___ Dataset

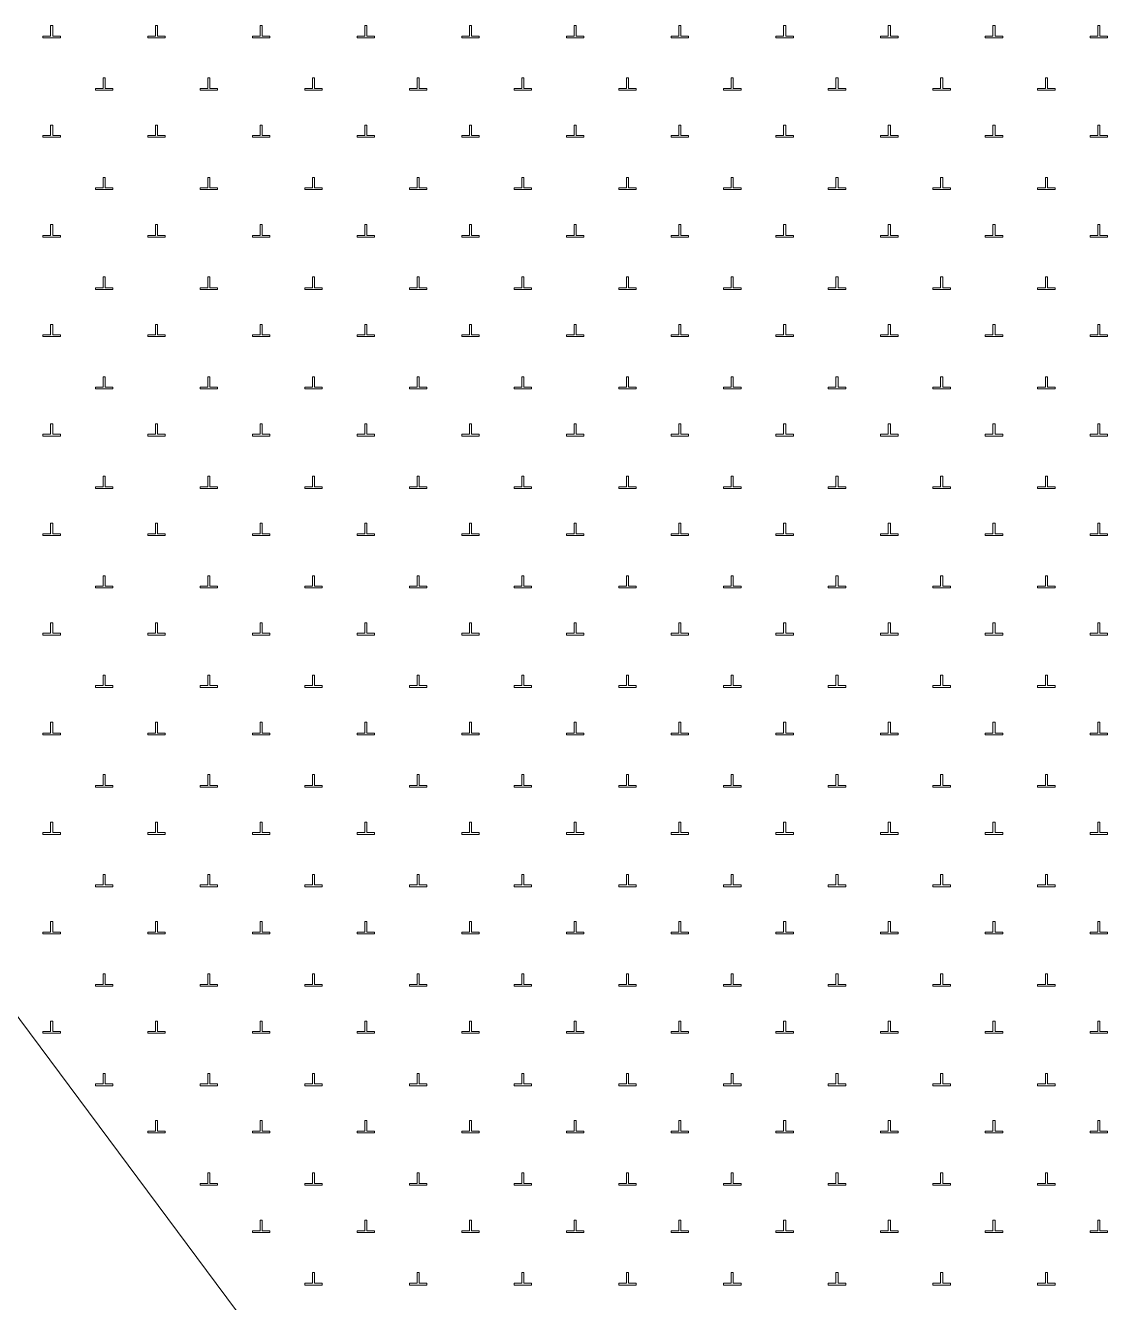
# Model space of a CAD drawing. Header units: metres. Extents: x 550890 to 551618, y 1839259 to 1840146.
# Drawn here: x 551437.64 to 551468.64, y 1839971.05 to 1840007.63 of the extents above; entities that cross this region are included whole.
import ezdxf

# ---------------------------------------------------------------- set-up
doc = ezdxf.new("R2010")
doc.units = ezdxf.units.M
doc.header["$LTSCALE"] = 0.8
doc.layers.add('10', color=7, linetype='Continuous', lineweight=13)
doc.layers.add('19', color=7, linetype='Continuous', lineweight=13)

msp = doc.modelspace()

# ---------------------------------------------------------------- linework, layer by layer
at = {"layer": '10'}
msp.add_lwpolyline([(551419.93, 1839941.82), (551449.31, 1839963.25), (551424.53, 1839996.55), (551383.5, 1839991.13), (551380.09, 1840000)], dxfattribs=at)
at = {"layer": '19'}
for points in [[(551438.14, 1840007.28), (551438.64, 1840007.28), (551438.64, 1840007.33), (551438.42, 1840007.33), (551438.42, 1840007.63), (551438.36, 1840007.63), (551438.36, 1840007.33), (551438.14, 1840007.33)], [(551441.14, 1840007.28), (551441.64, 1840007.28), (551441.64, 1840007.33), (551441.42, 1840007.33), (551441.42, 1840007.63), (551441.36, 1840007.63), (551441.36, 1840007.33), (551441.14, 1840007.33)], [(551444.14, 1840007.28), (551444.64, 1840007.28), (551444.64, 1840007.33), (551444.42, 1840007.33), (551444.42, 1840007.63), (551444.36, 1840007.63), (551444.36, 1840007.33), (551444.14, 1840007.33)], [(551447.14, 1840007.28), (551447.64, 1840007.28), (551447.64, 1840007.33), (551447.42, 1840007.33), (551447.42, 1840007.63), (551447.36, 1840007.63), (551447.36, 1840007.33), (551447.14, 1840007.33)], [(551450.14, 1840007.28), (551450.64, 1840007.28), (551450.64, 1840007.33), (551450.42, 1840007.33), (551450.42, 1840007.63), (551450.36, 1840007.63), (551450.36, 1840007.33), (551450.14, 1840007.33)], [(551453.14, 1840007.28), (551453.64, 1840007.28), (551453.64, 1840007.33), (551453.42, 1840007.33), (551453.42, 1840007.63), (551453.36, 1840007.63), (551453.36, 1840007.33), (551453.14, 1840007.33)], [(551456.14, 1840007.28), (551456.64, 1840007.28), (551456.64, 1840007.33), (551456.42, 1840007.33), (551456.42, 1840007.63), (551456.36, 1840007.63), (551456.36, 1840007.33), (551456.14, 1840007.33)], [(551459.14, 1840007.28), (551459.64, 1840007.28), (551459.64, 1840007.33), (551459.42, 1840007.33), (551459.42, 1840007.63), (551459.36, 1840007.63), (551459.36, 1840007.33), (551459.14, 1840007.33)], [(551462.14, 1840007.28), (551462.64, 1840007.28), (551462.64, 1840007.33), (551462.42, 1840007.33), (551462.42, 1840007.63), (551462.36, 1840007.63), (551462.36, 1840007.33), (551462.14, 1840007.33)], [(551465.14, 1840007.28), (551465.64, 1840007.28), (551465.64, 1840007.33), (551465.42, 1840007.33), (551465.42, 1840007.63), (551465.36, 1840007.63), (551465.36, 1840007.33), (551465.14, 1840007.33)], [(551468.14, 1840007.28), (551468.64, 1840007.28), (551468.64, 1840007.33), (551468.42, 1840007.33), (551468.42, 1840007.63), (551468.36, 1840007.63), (551468.36, 1840007.33), (551468.14, 1840007.33)], [(551439.64, 1840005.78), (551440.14, 1840005.78), (551440.14, 1840005.83), (551439.92, 1840005.83), (551439.92, 1840006.13), (551439.86, 1840006.13), (551439.86, 1840005.83), (551439.64, 1840005.83)], [(551442.64, 1840005.78), (551443.14, 1840005.78), (551443.14, 1840005.83), (551442.92, 1840005.83), (551442.92, 1840006.13), (551442.86, 1840006.13), (551442.86, 1840005.83), (551442.64, 1840005.83)], [(551445.64, 1840005.78), (551446.14, 1840005.78), (551446.14, 1840005.83), (551445.92, 1840005.83), (551445.92, 1840006.13), (551445.86, 1840006.13), (551445.86, 1840005.83), (551445.64, 1840005.83)], [(551448.64, 1840005.78), (551449.14, 1840005.78), (551449.14, 1840005.83), (551448.92, 1840005.83), (551448.92, 1840006.13), (551448.86, 1840006.13), (551448.86, 1840005.83), (551448.64, 1840005.83)], [(551451.64, 1840005.78), (551452.14, 1840005.78), (551452.14, 1840005.83), (551451.92, 1840005.83), (551451.92, 1840006.13), (551451.86, 1840006.13), (551451.86, 1840005.83), (551451.64, 1840005.83)], [(551454.64, 1840005.78), (551455.14, 1840005.78), (551455.14, 1840005.83), (551454.92, 1840005.83), (551454.92, 1840006.13), (551454.86, 1840006.13), (551454.86, 1840005.83), (551454.64, 1840005.83)], [(551457.64, 1840005.78), (551458.14, 1840005.78), (551458.14, 1840005.83), (551457.92, 1840005.83), (551457.92, 1840006.13), (551457.86, 1840006.13), (551457.86, 1840005.83), (551457.64, 1840005.83)], [(551460.64, 1840005.78), (551461.14, 1840005.78), (551461.14, 1840005.83), (551460.92, 1840005.83), (551460.92, 1840006.13), (551460.86, 1840006.13), (551460.86, 1840005.83), (551460.64, 1840005.83)], [(551463.64, 1840005.78), (551464.14, 1840005.78), (551464.14, 1840005.83), (551463.92, 1840005.83), (551463.92, 1840006.13), (551463.86, 1840006.13), (551463.86, 1840005.83), (551463.64, 1840005.83)], [(551466.64, 1840005.78), (551467.14, 1840005.78), (551467.14, 1840005.83), (551466.92, 1840005.83), (551466.92, 1840006.13), (551466.86, 1840006.13), (551466.86, 1840005.83), (551466.64, 1840005.83)], [(551438.14, 1840004.43), (551438.64, 1840004.43), (551438.64, 1840004.48), (551438.42, 1840004.48), (551438.42, 1840004.78), (551438.36, 1840004.78), (551438.36, 1840004.48), (551438.14, 1840004.48)], [(551441.14, 1840004.43), (551441.64, 1840004.43), (551441.64, 1840004.48), (551441.42, 1840004.48), (551441.42, 1840004.78), (551441.36, 1840004.78), (551441.36, 1840004.48), (551441.14, 1840004.48)], [(551444.14, 1840004.43), (551444.64, 1840004.43), (551444.64, 1840004.48), (551444.42, 1840004.48), (551444.42, 1840004.78), (551444.36, 1840004.78), (551444.36, 1840004.48), (551444.14, 1840004.48)], [(551447.14, 1840004.43), (551447.64, 1840004.43), (551447.64, 1840004.48), (551447.42, 1840004.48), (551447.42, 1840004.78), (551447.36, 1840004.78), (551447.36, 1840004.48), (551447.14, 1840004.48)], [(551450.14, 1840004.43), (551450.64, 1840004.43), (551450.64, 1840004.48), (551450.42, 1840004.48), (551450.42, 1840004.78), (551450.36, 1840004.78), (551450.36, 1840004.48), (551450.14, 1840004.48)], [(551453.14, 1840004.43), (551453.64, 1840004.43), (551453.64, 1840004.48), (551453.42, 1840004.48), (551453.42, 1840004.78), (551453.36, 1840004.78), (551453.36, 1840004.48), (551453.14, 1840004.48)], [(551456.14, 1840004.43), (551456.64, 1840004.43), (551456.64, 1840004.48), (551456.42, 1840004.48), (551456.42, 1840004.78), (551456.36, 1840004.78), (551456.36, 1840004.48), (551456.14, 1840004.48)], [(551459.14, 1840004.43), (551459.64, 1840004.43), (551459.64, 1840004.48), (551459.42, 1840004.48), (551459.42, 1840004.78), (551459.36, 1840004.78), (551459.36, 1840004.48), (551459.14, 1840004.48)], [(551462.14, 1840004.43), (551462.64, 1840004.43), (551462.64, 1840004.48), (551462.42, 1840004.48), (551462.42, 1840004.78), (551462.36, 1840004.78), (551462.36, 1840004.48), (551462.14, 1840004.48)], [(551465.14, 1840004.43), (551465.64, 1840004.43), (551465.64, 1840004.48), (551465.42, 1840004.48), (551465.42, 1840004.78), (551465.36, 1840004.78), (551465.36, 1840004.48), (551465.14, 1840004.48)], [(551468.14, 1840004.43), (551468.64, 1840004.43), (551468.64, 1840004.48), (551468.42, 1840004.48), (551468.42, 1840004.78), (551468.36, 1840004.78), (551468.36, 1840004.48), (551468.14, 1840004.48)], [(551439.64, 1840002.93), (551440.14, 1840002.93), (551440.14, 1840002.98), (551439.92, 1840002.98), (551439.92, 1840003.28), (551439.86, 1840003.28), (551439.86, 1840002.98), (551439.64, 1840002.98)], [(551442.64, 1840002.93), (551443.14, 1840002.93), (551443.14, 1840002.98), (551442.92, 1840002.98), (551442.92, 1840003.28), (551442.86, 1840003.28), (551442.86, 1840002.98), (551442.64, 1840002.98)], [(551445.64, 1840002.93), (551446.14, 1840002.93), (551446.14, 1840002.98), (551445.92, 1840002.98), (551445.92, 1840003.28), (551445.86, 1840003.28), (551445.86, 1840002.98), (551445.64, 1840002.98)], [(551448.64, 1840002.93), (551449.14, 1840002.93), (551449.14, 1840002.98), (551448.92, 1840002.98), (551448.92, 1840003.28), (551448.86, 1840003.28), (551448.86, 1840002.98), (551448.64, 1840002.98)], [(551451.64, 1840002.93), (551452.14, 1840002.93), (551452.14, 1840002.98), (551451.92, 1840002.98), (551451.92, 1840003.28), (551451.86, 1840003.28), (551451.86, 1840002.98), (551451.64, 1840002.98)], [(551454.64, 1840002.93), (551455.14, 1840002.93), (551455.14, 1840002.98), (551454.92, 1840002.98), (551454.92, 1840003.28), (551454.86, 1840003.28), (551454.86, 1840002.98), (551454.64, 1840002.98)], [(551457.64, 1840002.93), (551458.14, 1840002.93), (551458.14, 1840002.98), (551457.92, 1840002.98), (551457.92, 1840003.28), (551457.86, 1840003.28), (551457.86, 1840002.98), (551457.64, 1840002.98)], [(551460.64, 1840002.93), (551461.14, 1840002.93), (551461.14, 1840002.98), (551460.92, 1840002.98), (551460.92, 1840003.28), (551460.86, 1840003.28), (551460.86, 1840002.98), (551460.64, 1840002.98)], [(551463.64, 1840002.93), (551464.14, 1840002.93), (551464.14, 1840002.98), (551463.92, 1840002.98), (551463.92, 1840003.28), (551463.86, 1840003.28), (551463.86, 1840002.98), (551463.64, 1840002.98)], [(551466.64, 1840002.93), (551467.14, 1840002.93), (551467.14, 1840002.98), (551466.92, 1840002.98), (551466.92, 1840003.28), (551466.86, 1840003.28), (551466.86, 1840002.98), (551466.64, 1840002.98)], [(551438.14, 1840001.57), (551438.64, 1840001.57), (551438.64, 1840001.62), (551438.42, 1840001.62), (551438.42, 1840001.93), (551438.36, 1840001.93), (551438.36, 1840001.62), (551438.14, 1840001.62)], [(551441.14, 1840001.57), (551441.64, 1840001.57), (551441.64, 1840001.62), (551441.42, 1840001.62), (551441.42, 1840001.93), (551441.36, 1840001.93), (551441.36, 1840001.62), (551441.14, 1840001.62)], [(551444.14, 1840001.57), (551444.64, 1840001.57), (551444.64, 1840001.62), (551444.42, 1840001.62), (551444.42, 1840001.93), (551444.36, 1840001.93), (551444.36, 1840001.62), (551444.14, 1840001.62)], [(551447.14, 1840001.57), (551447.64, 1840001.57), (551447.64, 1840001.62), (551447.42, 1840001.62), (551447.42, 1840001.93), (551447.36, 1840001.93), (551447.36, 1840001.62), (551447.14, 1840001.62)], [(551450.14, 1840001.57), (551450.64, 1840001.57), (551450.64, 1840001.62), (551450.42, 1840001.62), (551450.42, 1840001.93), (551450.36, 1840001.93), (551450.36, 1840001.62), (551450.14, 1840001.62)], [(551453.14, 1840001.57), (551453.64, 1840001.57), (551453.64, 1840001.62), (551453.42, 1840001.62), (551453.42, 1840001.93), (551453.36, 1840001.93), (551453.36, 1840001.62), (551453.14, 1840001.62)], [(551456.14, 1840001.57), (551456.64, 1840001.57), (551456.64, 1840001.62), (551456.42, 1840001.62), (551456.42, 1840001.93), (551456.36, 1840001.93), (551456.36, 1840001.62), (551456.14, 1840001.62)], [(551459.14, 1840001.57), (551459.64, 1840001.57), (551459.64, 1840001.62), (551459.42, 1840001.62), (551459.42, 1840001.93), (551459.36, 1840001.93), (551459.36, 1840001.62), (551459.14, 1840001.62)], [(551462.14, 1840001.57), (551462.64, 1840001.57), (551462.64, 1840001.62), (551462.42, 1840001.62), (551462.42, 1840001.93), (551462.36, 1840001.93), (551462.36, 1840001.62), (551462.14, 1840001.62)], [(551465.14, 1840001.57), (551465.64, 1840001.57), (551465.64, 1840001.62), (551465.42, 1840001.62), (551465.42, 1840001.93), (551465.36, 1840001.93), (551465.36, 1840001.62), (551465.14, 1840001.62)], [(551468.14, 1840001.57), (551468.64, 1840001.57), (551468.64, 1840001.62), (551468.42, 1840001.62), (551468.42, 1840001.93), (551468.36, 1840001.93), (551468.36, 1840001.62), (551468.14, 1840001.62)], [(551439.64, 1840000.07), (551440.14, 1840000.07), (551440.14, 1840000.12), (551439.92, 1840000.12), (551439.92, 1840000.43), (551439.86, 1840000.43), (551439.86, 1840000.12), (551439.64, 1840000.12)], [(551442.64, 1840000.07), (551443.14, 1840000.07), (551443.14, 1840000.12), (551442.92, 1840000.12), (551442.92, 1840000.43), (551442.86, 1840000.43), (551442.86, 1840000.12), (551442.64, 1840000.12)], [(551445.64, 1840000.07), (551446.14, 1840000.07), (551446.14, 1840000.12), (551445.92, 1840000.12), (551445.92, 1840000.43), (551445.86, 1840000.43), (551445.86, 1840000.12), (551445.64, 1840000.12)], [(551448.64, 1840000.07), (551449.14, 1840000.07), (551449.14, 1840000.12), (551448.92, 1840000.12), (551448.92, 1840000.43), (551448.86, 1840000.43), (551448.86, 1840000.12), (551448.64, 1840000.12)], [(551451.64, 1840000.07), (551452.14, 1840000.07), (551452.14, 1840000.12), (551451.92, 1840000.12), (551451.92, 1840000.43), (551451.86, 1840000.43), (551451.86, 1840000.12), (551451.64, 1840000.12)], [(551454.64, 1840000.07), (551455.14, 1840000.07), (551455.14, 1840000.12), (551454.92, 1840000.12), (551454.92, 1840000.43), (551454.86, 1840000.43), (551454.86, 1840000.12), (551454.64, 1840000.12)], [(551457.64, 1840000.07), (551458.14, 1840000.07), (551458.14, 1840000.12), (551457.92, 1840000.12), (551457.92, 1840000.43), (551457.86, 1840000.43), (551457.86, 1840000.12), (551457.64, 1840000.12)], [(551460.64, 1840000.07), (551461.14, 1840000.07), (551461.14, 1840000.12), (551460.92, 1840000.12), (551460.92, 1840000.43), (551460.86, 1840000.43), (551460.86, 1840000.12), (551460.64, 1840000.12)], [(551463.64, 1840000.07), (551464.14, 1840000.07), (551464.14, 1840000.12), (551463.92, 1840000.12), (551463.92, 1840000.43), (551463.86, 1840000.43), (551463.86, 1840000.12), (551463.64, 1840000.12)], [(551466.64, 1840000.07), (551467.14, 1840000.07), (551467.14, 1840000.12), (551466.92, 1840000.12), (551466.92, 1840000.43), (551466.86, 1840000.43), (551466.86, 1840000.12), (551466.64, 1840000.12)], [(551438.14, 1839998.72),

______

** Activity **
In the entries above, locate every line with the word "layers" and copy it.

** Reply to the exercise **
doc.layers.add('10', color=7, linetype='Continuous', lineweight=13)
doc.layers.add('19', color=7, linetype='Continuous', lineweight=13)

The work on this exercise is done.